1. It's a single server we have to worry about
2. It's very easy to add the expiration of the certs to the Fleet DB during the initial migration (vs having a separate db in fleetdm.com)

[zwass]

what if the proxy enqueues the command (using Fleet's API) to renew the SCEP certificate the first time it redirects a host to Fleet?

This seems possible. Currently there is no state maintained within the migration proxy, but state could be added.

[georgekarrv]

Hey team! Please add your planning poker estimate with Zenhub @dantecatalfamo @ghernandez345 @gillespi314 @roperzh

[georgekarrv]

Please add your planning poker estimate with Zenhub @jahzielv

[JoStableford]

Related to a Slack conversation

[roperzh]

As part of the research for this ticket I:

1. set up a MicroMDM server behind ngrok using https://roperzh-micromdm.ngrok.io
2. executed the database statements from the SQL generated by https://github.com/fleetdm/fleet/pull/20035
3. changed my ngrok config to point https://roperzh-micromdm.ngrok.io to a small proxy that redirects requests from /mdm/checkin and /mdm/connect to my Fleet server /mdm/apple/mdm
4. downloaded an enrollment profile from my Fleet server, and did the following changes:
   1. change ServerURL to be https://roperzh-micromdm.ngrok.io/mdm/connect (keep the old MicroMDM server URL)
   2. add a CheckInURL next to ServerURL with the value https://roperzh-micromdm.ngrok.io/mdm/checkin
   3. change the root PayloadIdentifier of the profile to be com.github.micromdm.micromdm.enroll
5. sent an InstallProfile command using the enrollment profile payload

I verified that:

1. The SCEP cert was renewed (🎉)
2. The new certificate was issued by Fleet's CA (so the customer doesn't need to keep their old CA around)
3. The enrollment profile in System Settings > Profiles now shows the host as enrolled by Fleet

---

Action items and stuff to coordinate on:

• [ ] @zwass I added you as a reviewer for the changes in the migration script because you have good context, but let me know and I can ask the team at large.
• [ ] @dherder @zayhanlon once https://github.com/fleetdm/fleet/pull/20063 is released (estimated next week) we need to:
  • [ ] Build an enrollment profile using the instructions I left above for staging (and another for prod in the future)
  • [ ] Ask infra to set an environment variable FLEET_SILENT_MIGRATION_ENROLLMENT_PROFILE with the profile contents
  • [ ] Run the updated migration script to generate a new database dump and import it in staging.

[zwass]

@roperzh are you saying you got the enrollment profile replaced without user intervention? I'm not sure I understand how this experiment is connected with the touchless migration experience we are working on with customers.

[roperzh]

@zwass sorry for not being clear. This is to renew SCEP certificates for migrated devices (which is done by re-delivering the enrollment profile)

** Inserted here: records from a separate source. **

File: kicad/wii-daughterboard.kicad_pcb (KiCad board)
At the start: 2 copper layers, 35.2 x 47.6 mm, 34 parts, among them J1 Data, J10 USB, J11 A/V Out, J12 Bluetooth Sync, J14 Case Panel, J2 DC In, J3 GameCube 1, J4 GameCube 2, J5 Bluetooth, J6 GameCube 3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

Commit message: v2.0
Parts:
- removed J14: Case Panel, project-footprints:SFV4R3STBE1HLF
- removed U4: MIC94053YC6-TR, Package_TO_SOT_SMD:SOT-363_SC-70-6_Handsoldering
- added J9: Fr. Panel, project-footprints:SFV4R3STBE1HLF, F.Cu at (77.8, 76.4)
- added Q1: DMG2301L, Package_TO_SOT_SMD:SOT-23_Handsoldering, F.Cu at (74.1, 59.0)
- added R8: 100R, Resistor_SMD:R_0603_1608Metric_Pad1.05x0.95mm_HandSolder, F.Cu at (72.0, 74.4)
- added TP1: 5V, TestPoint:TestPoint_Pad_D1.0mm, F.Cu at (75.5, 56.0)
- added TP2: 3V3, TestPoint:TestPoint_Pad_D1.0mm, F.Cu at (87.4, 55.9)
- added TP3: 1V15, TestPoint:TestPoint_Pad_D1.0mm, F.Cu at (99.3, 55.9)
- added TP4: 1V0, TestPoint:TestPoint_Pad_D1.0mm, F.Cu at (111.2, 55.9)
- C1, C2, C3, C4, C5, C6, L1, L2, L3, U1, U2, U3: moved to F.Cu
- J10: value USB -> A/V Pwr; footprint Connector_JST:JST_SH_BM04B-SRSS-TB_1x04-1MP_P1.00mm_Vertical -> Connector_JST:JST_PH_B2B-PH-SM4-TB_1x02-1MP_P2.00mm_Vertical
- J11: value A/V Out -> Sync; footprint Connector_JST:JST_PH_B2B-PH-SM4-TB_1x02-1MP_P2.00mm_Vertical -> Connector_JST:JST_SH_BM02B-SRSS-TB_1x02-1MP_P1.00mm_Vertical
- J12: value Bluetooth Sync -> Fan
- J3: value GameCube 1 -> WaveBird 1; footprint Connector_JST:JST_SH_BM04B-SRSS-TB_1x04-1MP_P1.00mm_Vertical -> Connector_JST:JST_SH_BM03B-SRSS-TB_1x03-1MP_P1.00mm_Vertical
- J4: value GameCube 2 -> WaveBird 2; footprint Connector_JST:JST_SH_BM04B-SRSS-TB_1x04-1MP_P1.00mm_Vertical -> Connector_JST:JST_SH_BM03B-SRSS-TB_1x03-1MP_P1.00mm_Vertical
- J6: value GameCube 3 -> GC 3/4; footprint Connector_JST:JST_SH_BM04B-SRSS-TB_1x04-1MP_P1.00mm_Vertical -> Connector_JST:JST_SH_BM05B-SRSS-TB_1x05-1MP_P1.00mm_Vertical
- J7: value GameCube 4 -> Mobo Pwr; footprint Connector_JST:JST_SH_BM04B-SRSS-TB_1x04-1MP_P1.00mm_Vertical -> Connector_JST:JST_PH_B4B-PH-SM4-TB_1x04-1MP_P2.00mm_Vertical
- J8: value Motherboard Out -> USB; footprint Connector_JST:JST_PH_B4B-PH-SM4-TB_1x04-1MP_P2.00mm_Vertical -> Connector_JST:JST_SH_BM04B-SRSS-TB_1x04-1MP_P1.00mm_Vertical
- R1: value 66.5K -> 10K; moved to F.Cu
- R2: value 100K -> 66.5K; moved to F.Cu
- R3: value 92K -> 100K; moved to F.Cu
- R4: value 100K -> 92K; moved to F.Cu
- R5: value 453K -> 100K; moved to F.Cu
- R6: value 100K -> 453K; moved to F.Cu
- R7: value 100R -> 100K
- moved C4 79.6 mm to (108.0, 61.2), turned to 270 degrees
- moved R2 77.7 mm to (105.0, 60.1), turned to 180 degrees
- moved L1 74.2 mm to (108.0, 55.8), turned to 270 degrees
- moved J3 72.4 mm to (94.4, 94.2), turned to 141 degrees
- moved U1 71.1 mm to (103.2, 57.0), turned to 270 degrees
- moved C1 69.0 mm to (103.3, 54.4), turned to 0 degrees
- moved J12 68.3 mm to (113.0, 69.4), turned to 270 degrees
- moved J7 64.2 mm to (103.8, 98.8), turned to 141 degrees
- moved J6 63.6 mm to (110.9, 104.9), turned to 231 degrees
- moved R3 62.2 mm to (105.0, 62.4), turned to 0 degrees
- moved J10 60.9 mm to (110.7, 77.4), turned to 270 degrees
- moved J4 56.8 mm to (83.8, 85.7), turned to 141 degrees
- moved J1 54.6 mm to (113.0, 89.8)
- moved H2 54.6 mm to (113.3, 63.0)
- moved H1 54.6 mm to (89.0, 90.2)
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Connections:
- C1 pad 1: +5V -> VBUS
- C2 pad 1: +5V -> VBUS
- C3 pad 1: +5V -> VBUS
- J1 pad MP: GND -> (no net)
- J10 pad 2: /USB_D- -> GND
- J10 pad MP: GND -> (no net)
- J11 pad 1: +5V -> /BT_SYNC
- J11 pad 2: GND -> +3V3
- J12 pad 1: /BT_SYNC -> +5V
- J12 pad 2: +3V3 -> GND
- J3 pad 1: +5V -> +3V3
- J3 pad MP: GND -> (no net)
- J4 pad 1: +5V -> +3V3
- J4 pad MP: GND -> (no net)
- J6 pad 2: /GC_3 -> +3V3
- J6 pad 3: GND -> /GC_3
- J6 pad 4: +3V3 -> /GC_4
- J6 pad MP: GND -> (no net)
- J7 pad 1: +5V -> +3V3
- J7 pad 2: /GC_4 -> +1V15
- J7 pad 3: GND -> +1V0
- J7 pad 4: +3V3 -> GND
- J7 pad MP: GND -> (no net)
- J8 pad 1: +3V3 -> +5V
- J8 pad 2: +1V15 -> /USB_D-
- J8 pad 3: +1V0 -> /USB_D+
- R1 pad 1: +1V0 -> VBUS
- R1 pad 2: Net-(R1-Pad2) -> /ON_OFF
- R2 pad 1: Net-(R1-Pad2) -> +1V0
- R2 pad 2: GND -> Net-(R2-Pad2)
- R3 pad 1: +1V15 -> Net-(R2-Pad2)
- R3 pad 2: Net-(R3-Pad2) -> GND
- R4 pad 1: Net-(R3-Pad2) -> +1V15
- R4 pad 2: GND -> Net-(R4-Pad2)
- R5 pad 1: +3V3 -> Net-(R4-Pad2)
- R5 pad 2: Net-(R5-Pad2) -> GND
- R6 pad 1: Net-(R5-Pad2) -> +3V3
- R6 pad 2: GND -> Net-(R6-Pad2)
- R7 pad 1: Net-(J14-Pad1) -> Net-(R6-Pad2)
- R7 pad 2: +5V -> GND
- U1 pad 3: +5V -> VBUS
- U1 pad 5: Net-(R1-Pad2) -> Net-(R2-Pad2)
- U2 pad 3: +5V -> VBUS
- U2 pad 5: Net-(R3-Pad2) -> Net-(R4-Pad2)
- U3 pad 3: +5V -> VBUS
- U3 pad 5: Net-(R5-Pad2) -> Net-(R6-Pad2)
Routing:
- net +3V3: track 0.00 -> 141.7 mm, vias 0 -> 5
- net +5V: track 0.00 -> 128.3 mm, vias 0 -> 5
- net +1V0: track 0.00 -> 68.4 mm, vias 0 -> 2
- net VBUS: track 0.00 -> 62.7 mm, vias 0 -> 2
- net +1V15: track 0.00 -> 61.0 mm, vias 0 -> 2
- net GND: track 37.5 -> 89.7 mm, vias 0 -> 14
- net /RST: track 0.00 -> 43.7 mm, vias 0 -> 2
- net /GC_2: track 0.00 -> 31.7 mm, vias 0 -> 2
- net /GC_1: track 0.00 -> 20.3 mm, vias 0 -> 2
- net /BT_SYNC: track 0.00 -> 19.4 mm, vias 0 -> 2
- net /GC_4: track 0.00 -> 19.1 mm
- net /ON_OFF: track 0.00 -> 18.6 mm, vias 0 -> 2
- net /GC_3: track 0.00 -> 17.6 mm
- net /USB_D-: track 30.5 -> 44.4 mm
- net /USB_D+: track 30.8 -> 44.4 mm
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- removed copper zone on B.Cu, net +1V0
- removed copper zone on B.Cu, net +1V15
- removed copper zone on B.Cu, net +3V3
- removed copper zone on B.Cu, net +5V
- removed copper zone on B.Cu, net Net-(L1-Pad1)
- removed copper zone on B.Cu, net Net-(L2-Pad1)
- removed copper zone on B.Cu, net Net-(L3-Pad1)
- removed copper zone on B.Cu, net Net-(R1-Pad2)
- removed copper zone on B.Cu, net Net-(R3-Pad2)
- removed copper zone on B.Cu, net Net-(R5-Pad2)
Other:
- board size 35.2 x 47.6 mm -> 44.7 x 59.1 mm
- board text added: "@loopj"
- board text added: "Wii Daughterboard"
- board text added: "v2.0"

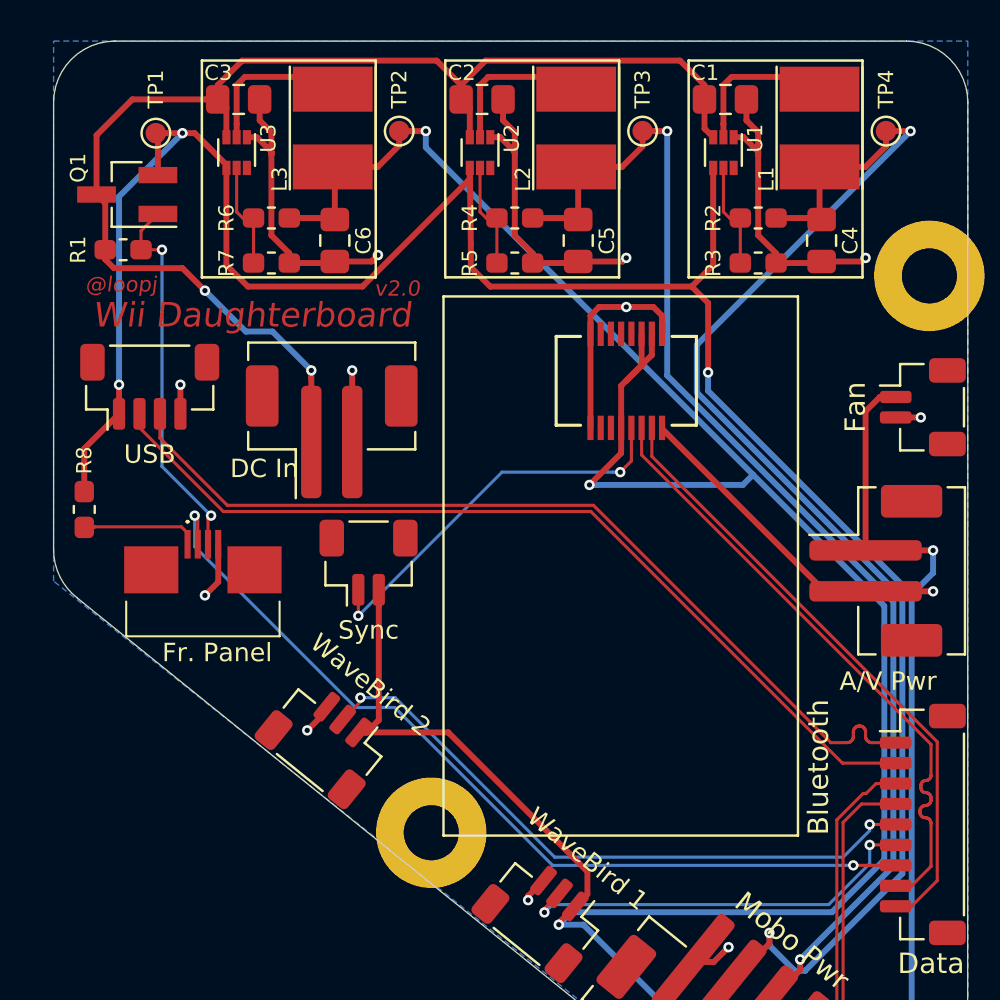
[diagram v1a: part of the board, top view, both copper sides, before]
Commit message: Fix mosfet bug
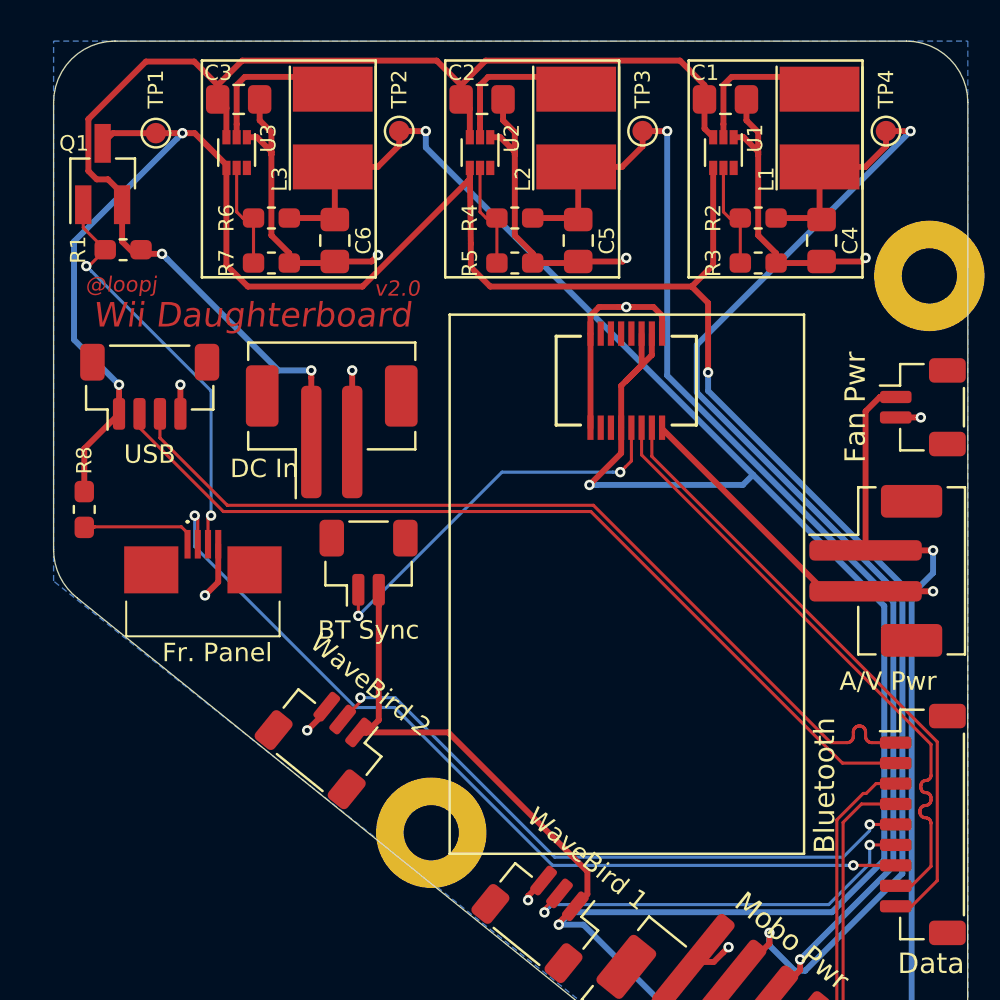
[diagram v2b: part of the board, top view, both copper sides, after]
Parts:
- J11: value Sync -> BT Sync
- J12: value Fan -> Fan Pwr
- R4: value 92K -> 91K
- R8: value 100R -> 150R
- moved Q1 1.56 mm to (72.9, 58.0), turned to 90 degrees
- moved J5 0.89 mm to (98.5, 78.7)
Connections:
- Q1 pad 2: +5V -> VBUS
- Q1 pad 3: VBUS -> +5V
- R1 pad 1: VBUS -> /ON_OFF
- R1 pad 2: /ON_OFF -> VBUS
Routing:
- net +5V: track 128.3 -> 131.0 mm
- net VBUS: track 62.7 -> 64.1 mm
- net /ON_OFF: track 18.6 -> 19.7 mm

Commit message: v3.0
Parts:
- removed J8: USB, Connector_JST:JST_SH_BM04B-SRSS-TB_1x04-1MP_P1.00mm_Vertical
- removed TP1: 5V, TestPoint:TestPoint_Pad_D1.0mm
- removed TP2: 3V3, TestPoint:TestPoint_Pad_D1.0mm
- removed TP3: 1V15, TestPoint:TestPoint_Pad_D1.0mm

The enrollment profile was almost replaced, but three things need to be kept in our particular case:

1. change ServerURL to be https://roperzh-micromdm.ngrok.io/mdm/connect (keep the old MicroMDM server URL)
1. add a CheckInURL next to ServerURL with the value https://roperzh-micromdm.ngrok.io/mdm/checkin
1. change the root PayloadIdentifier of the profile to be com.github.micromdm.micromdm.enroll

[zwass]

Ah, so enrollment profiles can be redelivered without user intervention as long as the ServerURL and CheckInURL don't change?

[roperzh]

@zwass exactly! in my notes I have this as the full list of things that can't change:

• PushTopic
• ServerURL
• CheckInURL
• Enrollment type
• Access rights

I think the really important findings for us are:

1. We can switch to a diffrent CA for SCEP certs (in this case Fleet's built-in CA)
2. We can renew SCEP certificates for migrated devices seamlessly

[zayhanlon]

@roperzh how are we doing on target ETA to get this in a patch next week? thanks :D

[roperzh]

@zayhanlon thanks for checking, still on track! but please note that the issue w/profiles is probably a bigger blocker. This is majorly a blocker for the prod deploy, the profiles is limiting their testing in staging prior to any production changes.

[zayhanlon]

@roperzh yup! i'm on it - discussing with Noah today

[PezHub]

Paired w/ Roberto to test on his locally setup mircomdm server to ensure the workflow succeeded.